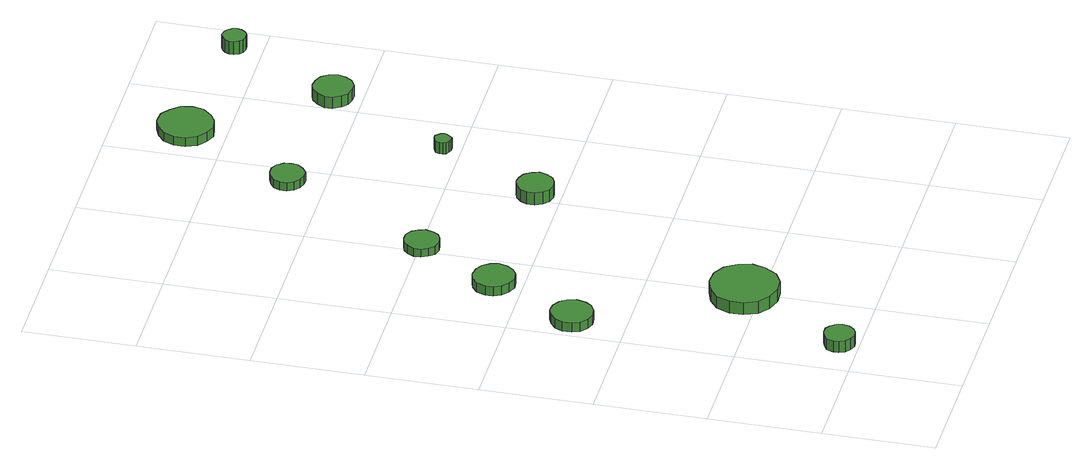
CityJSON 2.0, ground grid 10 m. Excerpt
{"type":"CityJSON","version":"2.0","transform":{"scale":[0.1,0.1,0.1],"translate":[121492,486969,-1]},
"CityObjects":{
"tree1":{"type":"SolitaryVegetationObject","attributes":{"function":"something"},"geometry":[{"type":"MultiSurface","lod":"1","boundaries":[[[0,1,2,3,4,5,6,7,8,9,10,11,12,13,14]],[[15,16,17,18,19,20,21,22,23,24,25,26,27,28,29]],[[0,29,28,1]],[[1,28,27,2]],[[2,27,26,3]],[[3,26,25,4]],[[4,25,24,5]],[[5,24,23,6]],[[6,23,22,7]],[[7,22,21,8]],[[8,21,20,9]],[[9,20,19,10]],[[10,19,18,11]],[[11,18,17,12]],[[12,17,16,13]],[[13,16,15,14]],[[14,15,29,0]]]}]},
"tree2":{"type":"SolitaryVegetationObject","attributes":{"function":"something"},"geometry":[{"type":"MultiSurface","lod":"1","boundaries":[[[30,31,32,33,34,35,36,37,38,39,40,41,42,43,44]],[[45,46,47,48,49,50,51,52,53,54,55,56,57,58,59]],[[30,59,58,31]],[[31,58,57,32]],[[32,57,56,33]],[[33,56,55,34]],[[34,55,54,35]],[[35,54,53,36]],[[36,53,52,37]],[[37,52,51,38]],[[38,51,50,39]],[[39,50,49,40]],[[40,49,48,41]],[[41,48,47,42]],[[42,47,46,43]],[[43,46,45,44]],[[44,45,59,30]]]}]},
"tree3":{"type":"SolitaryVegetationObject","attributes":{"function":"something"},"geometry":[{"type":"MultiSurface","lod":"1","boundaries":[[[60,61,62,63,64,65,66,67,68,69,70,71,72,73,74]],[[75,76,77,78,79,80,81,82,83,84,85,86,87,88,89]],[[60,89,88,61]],[[61,88,87,62]],[[62,87,86,63]],[[63,86,85,64]],[[64,85,84,65]],[[65,84,83,66]],[[66,83,82,67]],[[67,82,81,68]],[[68,81,80,69]],[[69,80,79,70]],[[70,79,78,71]],[[71,78,77,72]],[[72,77,76,73]],[[73,76,75,74]],[[74,75,89,60]]]}]},
"tree4":{"type":"SolitaryVegetationObject","attributes":{"function":"something"},"geometry":[{"type":"MultiSurface","lod":"1","boundaries":[[[90,91,92,93,94,95,96,97,98,99,100,101,102,103,104]],[[105,106,107,108,109,110,111,112,113,114,115,116,117,118,119]],[[90,119,118,91]],[[91,118,117,92]],[[92,117,116,93]],[[93,116,115,94]],[[94,115,114,95]],[[95,114,113,96]],[[96,113,112,97]],[[97,112,111,98]],[[98,111,110,99]],[[99,110,109,100]],[[100,109,108,101]],[[101,108,107,102]],[[102,107,106,103]],[[103,106,105,104]],[[104,105,119,90]]]}]},
"tree5":{"type":"SolitaryVegetationObject","attributes":{"function":"something"},"geometry":[{"type":"MultiSurface","lod":"1","boundaries":[[[120,121,122,123,124,125,126,127,128,129,130,131,132,133,134]],[[135,136,137,138,139,140,141,142,143,144,145,146,147,148,149]],[[120,149,148,121]],[[121,148,147,122]],[[122,147,146,123]],[[123,146,145,124]],[[124,145,144,125]],[[125,144,143,126]],[[126,143,142,127]],[[127,142,141,128]],[[128,141,140,129]],[[129,140,139,130]],[[130,139,138,131]],[[131,138,137,132]],[[132,137,136,133]],[[133,136,135,134]],[[134,135,149,120]]]}]},
"tree6":{"type":"SolitaryVegetationObject","attributes":{"function":"something"},"geometry":[{"type":"MultiSurface","lod":"1","boundaries":[[[150,151,152,153,154,155,156,157,158,159,160,161,162,163,164]],[[165,166,167,168,169,170,171,172,173,174,175,176,177,178,179]],[[150,179,178,151]],[[151,178,177,152]],[[152,177,176,153]],[[153,176,175,154]],[[154,175,174,155]],[[155,174,173,156]],[[156,173,172,157]],[[157,172,171,158]],[[158,171,170,159]],[[159,170,169,160]],[[160,169,168,161]],[[161,168,167,162]],[[162,167,166,163]],[[163,166,165,164]],[[164,165,179,150]]]}]},
"tree7":{"type":"SolitaryVegetationObject","attributes":{"function":"something"},"geometry":[{"type":"MultiSurface","lod":"1","boundaries":[[[180,181,182,183,184,185,186,187,188,189,190,191,192,193,194]],[[195,196,197,198,199,200,201,202,203,204,205,206,207,208,209]],[[180,209,208,181]],[[181,208,207,182]],[[182,207,206,183]],[[183,206,205,184]],[[184,205,204,185]],[[185,204,203,186]],[[186,203,202,187]],[[187,202,201,188]],[[188,201,200,189]],[[189,200,199,190]],[[190,199,198,191]],[[191,198,197,192]],[[192,197,196,193]],[[193,196,195,194]],[[194,195,209,180]]]}]},
"tree8":{"type":"SolitaryVegetationObject","attributes":{"function":"something"},"geometry":[{"type":"MultiSurface","lod":"1","boundaries":[[[210,211,212,213,214,215,216,217,218,219,220,221,222,223,224]],[[225,226,227,228,229,230,231,232,233,234,235,236,237,238,239]],[[210,239,238,211]],[[211,238,237,212]],[[212,237,236,213]],[[213,236,235,214]],[[214,235,234,215]],[[215,234,233,216]],[[216,233,232,217]],[[217,232,231,218]],[[218,231,230,219]],[[219,230,229,220]],[[220,229,228,221]],[[221,228,227,222]],[[222,227,226,223]],[[223,226,225,224]],[[224,225,239,210]]]}]},
"tree9":{"type":"SolitaryVegetationObject","attributes":{"function":"something"},"geometry":[{"type":"MultiSurface","lod":"1","boundaries":[[[240,241,242,243,244,245,246,247,248,249,250,251,252,253,254]],[[255,256,257,258,259,260,261,262,263,264,265,266,267,268,269]],[[240,269,268,241]],[[241,268,267,242]],[[242,267,266,243]],[[243,266,265,244]],[[244,265,264,245]],[[245,264,263,246]],[[246,263,262,247]],[[247,262,261,248]],[[248,261,260,249]],[[249,260,259,250]],[[250,259,258,251]],[[251,258,257,252]],[[252,257,256,253]],[[253,256,255,254]],[[254,255,269,240]]]}]},
"tree10":{"type":"SolitaryVegetationObject","attributes":{"function":"something"},"geometry":[{"type":"MultiSurface","lod":"1","boundaries":[[[270,271,272,273,274,275,276,277,278,279,280,281,282,283,284]],[[285,286,287,288,289,290,291,292,293,294,295,296,297,298,299]],[[270,299,298,271]],[[271,298,297,272]],[[272,297,296,273]],[[273,296,295,274]],[[274,295,294,275]],[[275,294,293,276]],[[276,293,292,277]],[[277,292,291,278]],[[278,291,290,279]],[[279,290,289,280]],[[280,289,288,281]],[[281,288,287,282]],[[282,287,286,283]],[[283,286,285,284]],[[284,285,299,270]]]}]},
"tree11":{"type":"SolitaryVegetationObject","attributes":{"function":"something"},"geometry":[{"type":"MultiSurface","lod":"1","boundaries":[[[300,301,302,303,304,305,306,307,308,309,310,311,312,313,314]],[[315,316,317,318,319,320,321,322,323,324,325,326,327,328,329]],[[300,329,328,301]],[[301,328,327,302]],[[302,327,326,303]],[[303,326,325,304]],[[304,325,324,305]],[[305,324,323,306]],[[306,323,322,307]],[[307,322,321,308]],[[308,321,320,309]],[[309,320,319,310]],[[310,319,318,311]],[[311,318,317,312]],[[312,317,316,313]],[[313,316,315,314]],[[314,315,329,300]]]}]}
},
"vertices":[
[55,18,17],[54,23,17],[50,28,17],[46,31,17],[40,31,17],[35,29,17],[30,26,17],[28,20,17],[28,15,17],[30,10,17],[35,6,17],[40,4,17],[46,5,17],[50,7,17],[54,12,17],[54,12,6],[50,7,6],[46,5,6],[40,4,6],[35,6,6],[30,10,6],[28,15,6],[28,20,6],[30,26,6],[35,29,6],[40,31,6],[46,31,6],[50,28,6],[54,23,6],[55,18,6],
[44,248,15],[42,256,15],[38,262,15],[31,266,15],[23,267,15],[16,264,15],[10,259,15],[7,252,15],[7,244,15],[10,237,15],[16,232,15],[23,229,15],[31,230,15],[38,234,15],[42,240,15],[42,240,6],[38,234,6],[31,230,6],[23,229,6],[16,232,6],[10,237,6],[7,244,6],[7,252,6],[10,259,6],[16,264,6],[23,267,6],[31,266,6],[38,262,6],[42,256,6],[44,248,6],
[128,114,18],[125,126,18],[118,137,18],[107,143,18],[94,144,18],[82,140,18],[72,132,18],[67,120,18],[67,108,18],[72,96,18],[82,88,18],[94,84,18],[107,85,18],[118,91,18],[125,102,18],[125,102,6],[118,91,6],[107,85,6],[94,84,6],[82,88,6],[72,96,6],[67,108,6],[67,120,6],[72,132,6],[82,140,6],[94,144,6],[107,143,6],[118,137,6],[125,126,6],[128,114,6],
[84,326,15],[82,333,15],[78,339,15],[71,343,15],[63,344,15],[56,342,15],[50,337,15],[47,329,15],[47,322,15],[50,315,15],[56,310,15],[63,307,15],[71,308,15],[78,312,15],[82,318,15],[82,318,6],[78,312,6],[71,308,6],[63,307,6],[56,310,6],[50,315,6],[47,322,6],[47,329,6],[50,337,6],[56,342,6],[63,344,6],[71,343,6],[78,339,6],[82,333,6],[84,326,6],
[123,399,14],[121,405,14],[118,410,14],[112,414,14],[106,414,14],[99,412,14],[95,408,14],[92,402,14],[92,396,14],[95,390,14],[99,385,14],[106,383,14],[112,384,14],[118,387,14],[121,392,14],[121,392,6],[118,387,6],[112,384,6],[106,383,6],[99,385,6],[95,390,6],[92,396,6],[92,402,6],[95,408,6],[99,412,6],[106,414,6],[112,414,6],[118,410,6],[121,405,6],[123,399,6],
[227,324,18],[225,330,18],[221,336,18],[215,339,18],[209,340,18],[202,338,18],[197,333,18],[194,327,18],[194,320,18],[197,314,18],[202,309,18],[209,307,18],[215,308,18],[221,311,18],[225,317,18],[225,317,6],[221,311,6],[215,308,6],[209,307,6],[202,309,6],[197,314,6],[194,320,6],[194,327,6],[197,333,6],[202,338,6],[209,340,6],[215,339,6],[221,336,6],[225,330,6],[227,324,6],
[198,534,14],[197,540,14],[193,546,14],[187,549,14],[181,549,14],[175,547,14],[170,543,14],[167,537,14],[167,531,14],[170,525,14],[175,521,14],[181,519,14],[187,519,14],[193,523,14],[197,528,14],[197,528,6],[193,523,6],[187,519,6],[181,519,6],[175,521,6],[170,525,6],[167,531,6],[167,537,6],[170,543,6],[175,547,6],[181,549,6],[187,549,6],[193,546,6],[197,540,6],[198,534,6],
[269,417,17],[268,420,17],[266,422,17],[264,424,17],[261,424,17],[258,423,17],[255,421,17],[254,418,17],[254,415,17],[255,412,17],[258,410,17],[261,409,17],[264,409,17],[266,411,17],[268,414,17],[268,414,6],[266,411,6],[264,409,6],[261,409,6],[258,410,6],[255,412,6],[254,415,6],[254,418,6],[255,421,6],[258,423,6],[261,424,6],[264,424,6],[266,422,6],[268,420,6],[269,417,6],
[264,636,15],[262,646,15],[255,654,15],[247,660,15],[236,661,15],[227,657,15],[219,651,15],[215,641,15],[215,631,15],[219,621,15],[227,615,15],[236,611,15],[247,613,15],[255,618,15],[262,626,15],[262,626,6],[255,618,6],[247,613,6],[236,611,6],[227,615,6],[219,621,6],[215,631,6],[215,641,6],[219,651,6],[227,657,6],[236,661,6],[247,660,6],[255,654,6],[262,646,6],[264,636,6],
[338,526,17],[336,534,17],[332,540,17],[325,543,17],[318,544,17],[311,542,17],[306,537,17],[302,530,17],[302,523,17],[306,516,17],[311,511,17],[318,509,17],[325,509,17],[332,513,17],[336,519,17],[336,519,6],[332,513,6],[325,509,6],[318,509,6],[311,511,6],[306,516,6],[302,523,6],[302,530,6],[306,537,6],[311,542,6],[318,544,6],[325,543,6],[332,540,6],[336,534,6],[338,526,6],
[383,625,21],[382,629,21],[379,633,21],[376,635,21],[371,636,21],[367,634,21],[364,631,21],[362,627,21],[362,623,21],[364,619,21],[367,616,21],[371,615,21],[376,615,21],[379,617,21],[382,621,21],[382,621,8],[379,617,8],[376,615,8],[371,615,8],[367,616,8],[364,619,8],[362,623,8],[362,627,8],[364,631,8],[367,634,8],[371,636,8],[376,635,8],[379,633,8],[382,629,8],[383,625,8]
]}

## What you are asked to do
Scan the material above for the word "CityJSON". Copy each line where it occurs.

## Answer
CityJSON 2.0, ground grid 10 m. Excerpt
{"type":"CityJSON","version":"2.0","transform":{"scale":[0.1,0.1,0.1],"translate":[121492,486969,-1]},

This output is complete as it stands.